Recorded data
▬▬▬
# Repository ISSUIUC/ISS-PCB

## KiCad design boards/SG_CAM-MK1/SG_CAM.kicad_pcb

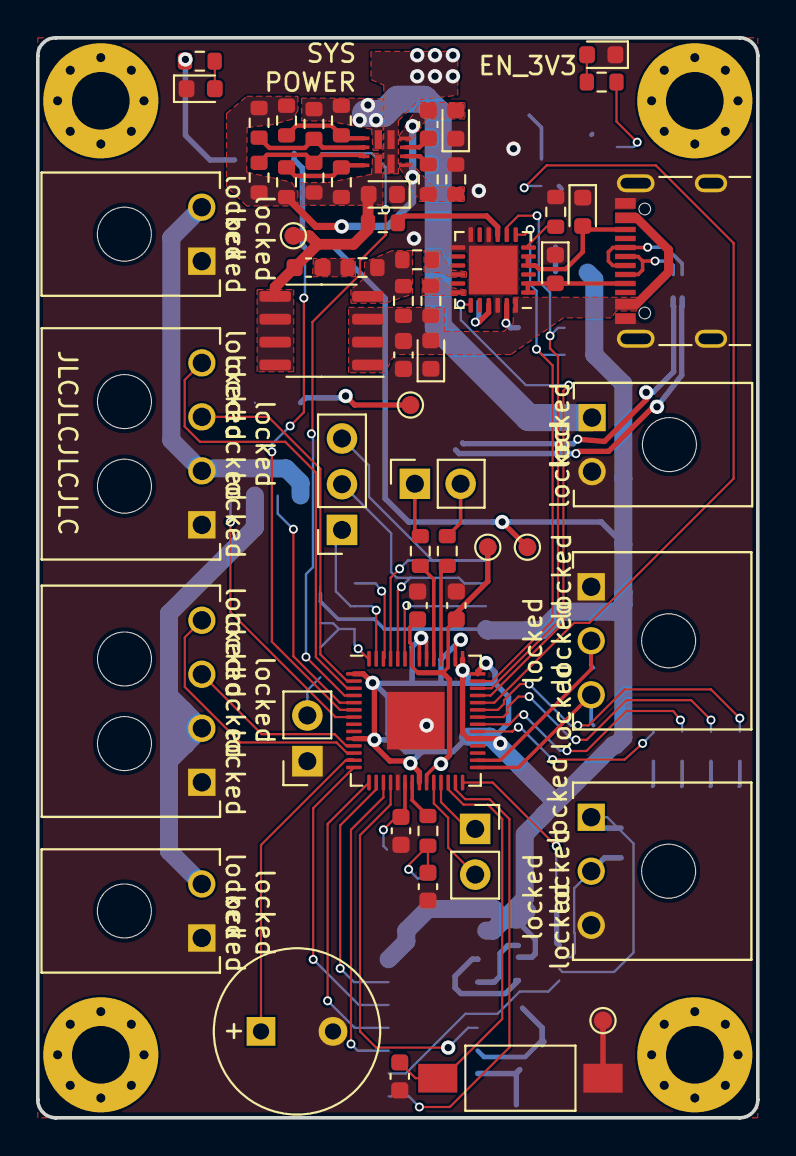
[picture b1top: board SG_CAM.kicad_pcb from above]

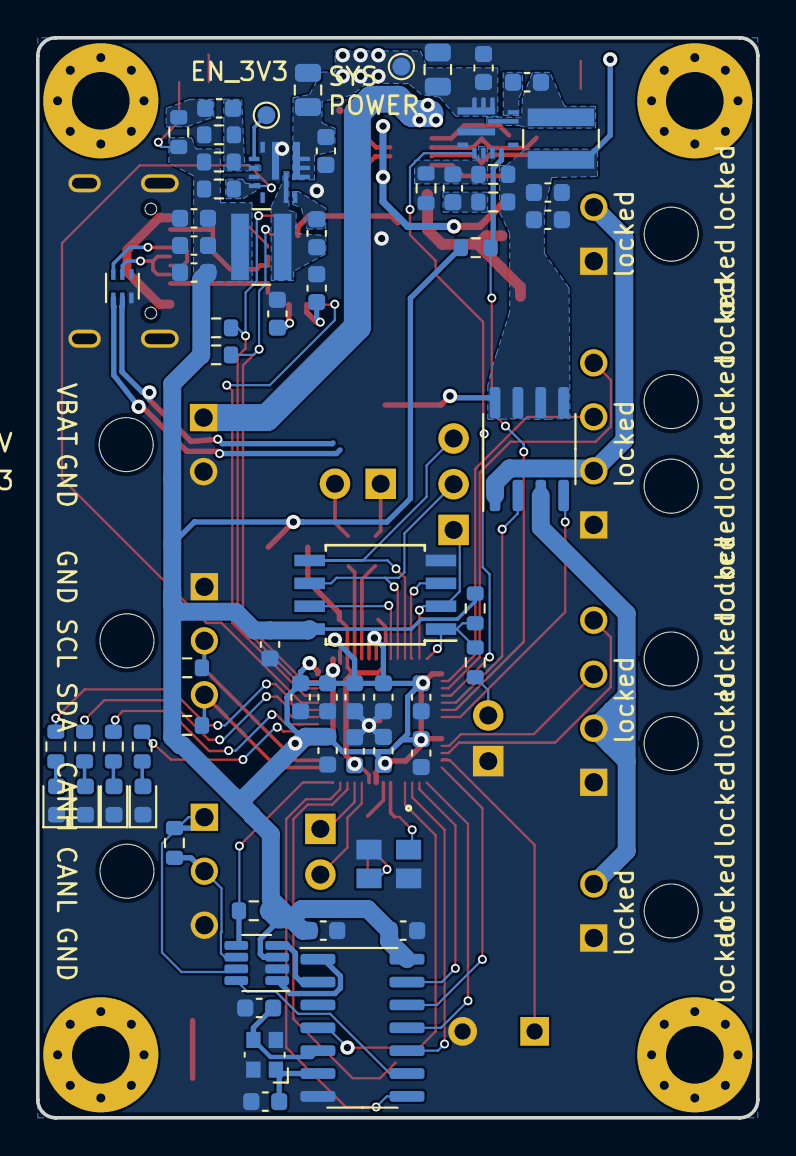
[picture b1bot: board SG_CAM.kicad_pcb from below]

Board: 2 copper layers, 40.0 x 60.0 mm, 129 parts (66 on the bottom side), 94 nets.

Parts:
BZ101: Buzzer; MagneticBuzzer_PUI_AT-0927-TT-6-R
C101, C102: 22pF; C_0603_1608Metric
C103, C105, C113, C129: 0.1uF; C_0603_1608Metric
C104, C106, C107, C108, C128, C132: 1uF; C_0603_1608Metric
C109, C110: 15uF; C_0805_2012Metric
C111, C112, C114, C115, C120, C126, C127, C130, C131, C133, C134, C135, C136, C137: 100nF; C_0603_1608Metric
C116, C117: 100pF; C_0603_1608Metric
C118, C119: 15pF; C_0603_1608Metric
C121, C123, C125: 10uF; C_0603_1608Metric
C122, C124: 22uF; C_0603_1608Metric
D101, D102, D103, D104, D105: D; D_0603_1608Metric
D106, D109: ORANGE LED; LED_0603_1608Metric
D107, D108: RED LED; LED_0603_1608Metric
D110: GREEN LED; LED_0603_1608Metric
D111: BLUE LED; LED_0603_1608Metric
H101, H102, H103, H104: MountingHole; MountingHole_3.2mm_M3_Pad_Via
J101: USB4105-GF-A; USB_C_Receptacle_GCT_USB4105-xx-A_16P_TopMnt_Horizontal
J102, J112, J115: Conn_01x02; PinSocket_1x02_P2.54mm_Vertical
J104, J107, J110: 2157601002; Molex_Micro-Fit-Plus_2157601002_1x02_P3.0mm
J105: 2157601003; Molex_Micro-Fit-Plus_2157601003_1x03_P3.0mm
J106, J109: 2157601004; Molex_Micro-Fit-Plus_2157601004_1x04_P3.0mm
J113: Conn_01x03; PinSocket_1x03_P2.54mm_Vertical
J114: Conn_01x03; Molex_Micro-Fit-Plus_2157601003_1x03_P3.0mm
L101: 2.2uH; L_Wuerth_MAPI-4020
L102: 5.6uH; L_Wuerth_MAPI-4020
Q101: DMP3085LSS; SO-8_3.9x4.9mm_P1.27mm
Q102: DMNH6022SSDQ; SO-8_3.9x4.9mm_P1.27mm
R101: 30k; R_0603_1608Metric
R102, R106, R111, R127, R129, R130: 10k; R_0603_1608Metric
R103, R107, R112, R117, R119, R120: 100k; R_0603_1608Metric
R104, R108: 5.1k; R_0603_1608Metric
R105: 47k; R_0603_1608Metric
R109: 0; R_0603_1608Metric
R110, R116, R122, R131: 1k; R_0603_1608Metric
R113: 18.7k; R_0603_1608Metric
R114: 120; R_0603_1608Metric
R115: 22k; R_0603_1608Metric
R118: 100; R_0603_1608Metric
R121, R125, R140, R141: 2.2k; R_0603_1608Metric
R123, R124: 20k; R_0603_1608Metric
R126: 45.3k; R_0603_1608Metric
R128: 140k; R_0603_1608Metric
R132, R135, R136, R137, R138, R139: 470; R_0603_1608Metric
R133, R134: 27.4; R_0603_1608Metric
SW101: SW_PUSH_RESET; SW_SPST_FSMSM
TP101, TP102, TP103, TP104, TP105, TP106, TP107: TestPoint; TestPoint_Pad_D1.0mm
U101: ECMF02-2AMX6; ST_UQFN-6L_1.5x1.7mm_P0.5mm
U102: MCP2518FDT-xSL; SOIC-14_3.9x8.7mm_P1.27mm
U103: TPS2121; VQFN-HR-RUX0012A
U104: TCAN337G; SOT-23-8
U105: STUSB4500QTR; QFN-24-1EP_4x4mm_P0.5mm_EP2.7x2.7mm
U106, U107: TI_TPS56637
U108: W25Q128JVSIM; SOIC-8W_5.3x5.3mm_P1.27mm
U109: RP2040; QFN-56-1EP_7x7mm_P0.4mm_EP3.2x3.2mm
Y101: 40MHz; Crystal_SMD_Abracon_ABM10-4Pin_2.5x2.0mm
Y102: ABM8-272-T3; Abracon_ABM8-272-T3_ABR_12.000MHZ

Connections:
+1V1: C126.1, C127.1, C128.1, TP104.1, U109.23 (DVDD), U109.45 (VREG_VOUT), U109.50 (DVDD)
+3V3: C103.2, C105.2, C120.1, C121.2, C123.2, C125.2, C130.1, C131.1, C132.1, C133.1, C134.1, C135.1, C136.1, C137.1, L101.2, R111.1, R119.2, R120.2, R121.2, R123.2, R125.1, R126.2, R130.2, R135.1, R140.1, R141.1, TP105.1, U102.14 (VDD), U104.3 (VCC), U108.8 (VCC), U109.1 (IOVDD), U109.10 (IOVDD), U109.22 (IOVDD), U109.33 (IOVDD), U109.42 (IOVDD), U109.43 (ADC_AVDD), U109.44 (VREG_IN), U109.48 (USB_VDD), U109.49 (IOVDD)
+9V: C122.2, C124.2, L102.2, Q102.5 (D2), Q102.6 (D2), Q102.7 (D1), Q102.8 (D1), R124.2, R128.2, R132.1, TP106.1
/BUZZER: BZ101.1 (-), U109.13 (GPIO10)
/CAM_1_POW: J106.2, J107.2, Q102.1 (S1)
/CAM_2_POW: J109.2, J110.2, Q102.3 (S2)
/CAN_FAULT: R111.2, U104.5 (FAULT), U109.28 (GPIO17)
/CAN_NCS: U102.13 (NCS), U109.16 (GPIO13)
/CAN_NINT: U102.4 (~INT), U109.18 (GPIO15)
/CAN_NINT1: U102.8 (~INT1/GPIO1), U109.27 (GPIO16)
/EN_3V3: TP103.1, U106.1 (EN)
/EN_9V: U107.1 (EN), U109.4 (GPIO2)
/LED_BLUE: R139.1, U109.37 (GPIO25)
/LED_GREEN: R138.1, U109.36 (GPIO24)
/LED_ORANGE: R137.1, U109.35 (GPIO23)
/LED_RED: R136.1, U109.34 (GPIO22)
▬▬▬
• Your goal: Out of the records above, pick each line that contains the string "SOIC".

• Answer box:
U102: MCP2518FDT-xSL; SOIC-14_3.9x8.7mm_P1.27mm
U108: W25Q128JVSIM; SOIC-8W_5.3x5.3mm_P1.27mm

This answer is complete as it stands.